**TASK PROMPT:** When a line of the entries below contains "Pasos", it counts once; state how many such lines there are and nothing else.

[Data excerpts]
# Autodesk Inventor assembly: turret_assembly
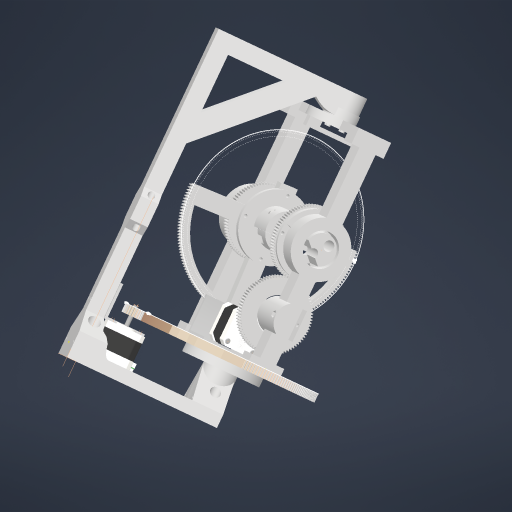
[picture p0: Inventor's stored thumbnail of the model, 512x512]
Saved by Autodesk Inventor 2023.2 (Build 272271000, 271)
## iProperties
Created: 2020-09-03
Part Number: turret_assembly
Document SubType Name: Assembly
Designer: bober
Author: bober
## Documents named in this file (20)
- F:\Turret\Our\Models\turret_assembly.iam
- F:\Turret\Our\Models\turret_assembly\Design Accelerator\vertical_axis_small_gear.ipt
- F:\Turret\Our\Models\turret_assembly\Design Accelerator\vertical_axis_bigl_gear.ipt
- F:\Turret\Our\Models\turret_assembly\Design Accelerator\horizontal_axis_big_gear.ipt
- F:\Turret\Our\Models\turret_assembly\Design Accelerator\pylon.ipt
- F:\Turret\Our\Models\turret_assembly\Design Accelerator\upper_grip.ipt
- F:\Turret\Our\Models\turret_assembly\Design Accelerator\main_stand_lower_half.ipt
- F:\Turret\Our\Models\turret_assembly\Design Accelerator\main_stand_upper_half.ipt
- F:\Turret\Our\Models\step_motor\Nema 17 Motor a Pasos 17HS4401.iam
- F:\Turret\Our\Models\turret_assembly\Design Accelerator\horizontal_lower_bearing_holder.ipt
- F:\Turret\Our\Models\turret_assembly\Design Accelerator\horizontal_axis_motor_metal_holder.ipt
- F:\Turret\Our\Models\turret_assembly\Design Accelerator\vertical_axis_motor_metal_holder.ipt
- F:\Turret\Our\Models\turret_assembly\Design Accelerator\Swash_distance.ipt
- F:\Turret\Our\Models\turret_assembly\Design Accelerator\big_actuator_holder.ipt
- F:\Turret\Our\Models\pylon_actuator_holder.ipt
- F:\Turret\Our\Models\pylon_actuator_holder_jaw.ipt
- F:\Turret\Our\Models\vertical_axis_hal_holder.ipt
- F:\Turret\Our\Models\turret_assembly\Design Accelerator\Spur Gears1.iam
- F:\Turret\Our\Models\turret_assembly\Design Accelerator\horizontal_axis_hal_gearr.ipt
- F:\Turret\Our\Models\pylon-hal-bearing-holder.ipt
## Components (25 placed, 19 different names)
1. vertical_axis_small_gear:1 — Tangent:1, Mate:4, Flush:1
2. horizontal_axis_big_gear:1 — Rigid:19, Insert:10
3. vertical_axis_small_gear:2 — Rotational:14
4. vertical_axis_bigl_gear:2 — Rigid:11, Rigid:12, Rigid:20, Tangent:1, Flush:1, Mate:6, Mate:7, Mate:9
5. pylon:2 — Rigid:20, Rigid:22, Insert:4
6. upper_grip:1 — Rigid:22, Flush:3, Insert:11, Insert:12
7. main_stand_lower_half:1 — Rigid:5, Rotational:12, Mate:1, Mate:2, Rigid:15, Mate:3
8. main_stand_upper_half:1 — Rigid:15
9. Nema 17 Motor a Pasos 17HS4401:2 [sub-assembly] — Mate:3, Mate:4
10. Nema 17 Motor a Pasos 17HS4401:3 [sub-assembly] — Rigid:13, Rotational:14
11. horizontal_lower_bearing_holder:1 — Rigid:11, Rotational:11
12. horizontal_axis_motor_metal_holder:1 — Rigid:12, Rigid:13
13. vertical_axis_motor_metal_holder:1 — Rigid:5
14. Swash_distance:1 — Rotational:11, Rotational:12
15. big_actuator_holder:1 — Rigid:19, Insert:2, Insert:3
16. pylon_actuator_holder:1 — Insert:6, Insert:2, Insert:3, Insert:7, Flush:4, Flush:5, Mate:5, Mate:8, Rotation:1
17. pylon_actuator_holder_jaw:1 — Insert:6, Insert:7
18. pylon_actuator_holder:2 — Insert:8, Insert:4, Insert:9, Insert:10
19. pylon_actuator_holder_jaw:2 — Insert:8, Insert:9
20. vertical_axis_hal_holder:1 — Flush:3, Insert:11, Insert:12
21. Spur Gears:1 [sub-assembly] — Flush:4
22. horizontal_axis_hal_gearr:1 — Flush:5, Mate:5, Mate:10, Mate:11, Mate:12, Mate:16, Rotation:1
23. pylon:3 — Mate:6, Mate:7, Mate:8, Mate:9, Flush:6, Mate:13, Mate:15
24. pylon-hal-bearing-holder:1 — Flush:6, Mate:13, Mate:15, Mate:16
25. vertical_axis_hal_holder:2 — Mate:10, Mate:11, Mate:12
## Relationships (43: Mate 15, Insert 10, WeldJoint 8, Flush 5, RevoluteJoint 3, Tangent 1, RelateRotation 1)
- Rigid:5 [WeldJoint]: main_stand_lower_half:1 ↔ vertical_axis_motor_metal_holder:1
- Rigid:11 [WeldJoint]: vertical_axis_bigl_gear:2 ↔ horizontal_lower_bearing_holder:1
- Rotational:11 [RevoluteJoint]: horizontal_lower_bearing_holder:1 ↔ Swash_distance:1
- Rotational:12 [RevoluteJoint]: main_stand_lower_half:1 ↔ Swash_distance:1
- Mate:1: main_stand_lower_half:1
- Mate:2: main_stand_lower_half:1
- Rigid:12 [WeldJoint]: vertical_axis_bigl_gear:2 ↔ horizontal_axis_motor_metal_holder:1
- Rigid:13 [WeldJoint]: Nema 17 Motor a Pasos 17HS4401:3 ↔ horizontal_axis_motor_metal_holder:1
- Rotational:14 [RevoluteJoint]: vertical_axis_small_gear:2 ↔ Nema 17 Motor a Pasos 17HS4401:3
- Rigid:15 [WeldJoint]: main_stand_lower_half:1 ↔ main_stand_upper_half:1
- Rigid:19 [WeldJoint]: horizontal_axis_big_gear:1 ↔ big_actuator_holder:1
- Rigid:20 [WeldJoint]: vertical_axis_bigl_gear:2 ↔ pylon:2
- Rigid:22 [WeldJoint]: pylon:2 ↔ upper_grip:1
- Tangent:1: vertical_axis_small_gear:1 ↔ vertical_axis_bigl_gear:2
- Mate:3: main_stand_lower_half:1 ↔ Nema 17 Motor a Pasos 17HS4401:2
- Mate:4: vertical_axis_small_gear:1 ↔ Nema 17 Motor a Pasos 17HS4401:2
- Flush:1: vertical_axis_small_gear:1 ↔ vertical_axis_bigl_gear:2
- Insert:6: pylon_actuator_holder:1 ↔ pylon_actuator_holder_jaw:1
- Insert:2 (-97.5 mm): big_actuator_holder:1 ↔ pylon_actuator_holder:1
- Insert:3 (-97.5 mm): big_actuator_holder:1 ↔ pylon_actuator_holder:1
- Insert:8: pylon_actuator_holder:2 ↔ pylon_actuator_holder_jaw:2
- Insert:4: pylon:2 ↔ pylon_actuator_holder:2
- Insert:7: pylon_actuator_holder:1 ↔ pylon_actuator_holder_jaw:1
- Insert:9: pylon_actuator_holder:2 ↔ pylon_actuator_holder_jaw:2
- Insert:10 (-30.5 mm): horizontal_axis_big_gear:1 ↔ pylon_actuator_holder:2
- Flush:3: upper_grip:1 ↔ vertical_axis_hal_holder:1
- Flush:4: pylon_actuator_holder:1 ↔ Spur Gears:1
- Insert:11: upper_grip:1 ↔ vertical_axis_hal_holder:1
- Insert:12: upper_grip:1 ↔ vertical_axis_hal_holder:1
- Flush:5: pylon_actuator_holder:1 ↔ horizontal_axis_hal_gearr:1
- Mate:5 (80 mm): pylon_actuator_holder:1 ↔ horizontal_axis_hal_gearr:1
- Mate:6: vertical_axis_bigl_gear:2 ↔ pylon:3
- Mate:7: vertical_axis_bigl_gear:2 ↔ pylon:3
- Mate:8: pylon_actuator_holder:1 ↔ pylon:3
- Mate:9: vertical_axis_bigl_gear:2 ↔ pylon:3
- Flush:6: pylon:3 ↔ pylon-hal-bearing-holder:1
- Mate:10: horizontal_axis_hal_gearr:1 ↔ vertical_axis_hal_holder:2
- Mate:11: horizontal_axis_hal_gearr:1 ↔ vertical_axis_hal_holder:2
- Mate:12: horizontal_axis_hal_gearr:1 ↔ vertical_axis_hal_holder:2
- Mate:13: pylon:3 ↔ pylon-hal-bearing-holder:1
- Mate:15 (0.07 mm): pylon:3 ↔ pylon-hal-bearing-holder:1
- Mate:16: horizontal_axis_hal_gearr:1 ↔ pylon-hal-bearing-holder:1
- Rotation:1 [RelateRotation] (1 ul): pylon_actuator_holder:1 ↔ horizontal_axis_hal_gearr:1
## Named parameters: d111_d107 = 0 mm
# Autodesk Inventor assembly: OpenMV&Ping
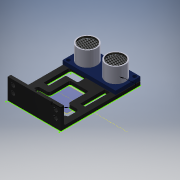
[picture p0: Inventor's stored thumbnail of the model, 180x180]
Saved by Autodesk Inventor 2018 (Build 220112000, 112)
## iProperties
Created: 2018-11-27
Part Number: OpenMV&Ping
Material: 一般
Document SubType Name: Assembly
Designer: shun2
Author: shun2
## Documents named in this file (3)
- C:\Users\shun2\OneDrive\おそらく最新版(2018.7.31)\OpenMV&Ping.iam
- C:\Users\shun2\OneDrive\おそらく最新版(2018.7.31)\OpenMV&Ping.ipt
- C:\Users\shun2\OneDrive\おそらく最新版(2018.7.31)\ping.ipt
## Components (2 placed, 2 different names)
1. OpenMV&Ping:1 — メイト:1, メイト:2, メイト:3
2. ping:1 — メイト:1, メイト:2, メイト:3
## Relationships (3: Mate 3)
- メイト:1 [Mate] (0.5 mm): OpenMV&Ping:1 ↔ ping:1
- メイト:2 [Mate]: OpenMV&Ping:1 ↔ ping:1
- メイト:3 [Mate]: OpenMV&Ping:1 ↔ ping:1

**ANSWER AREA:** 7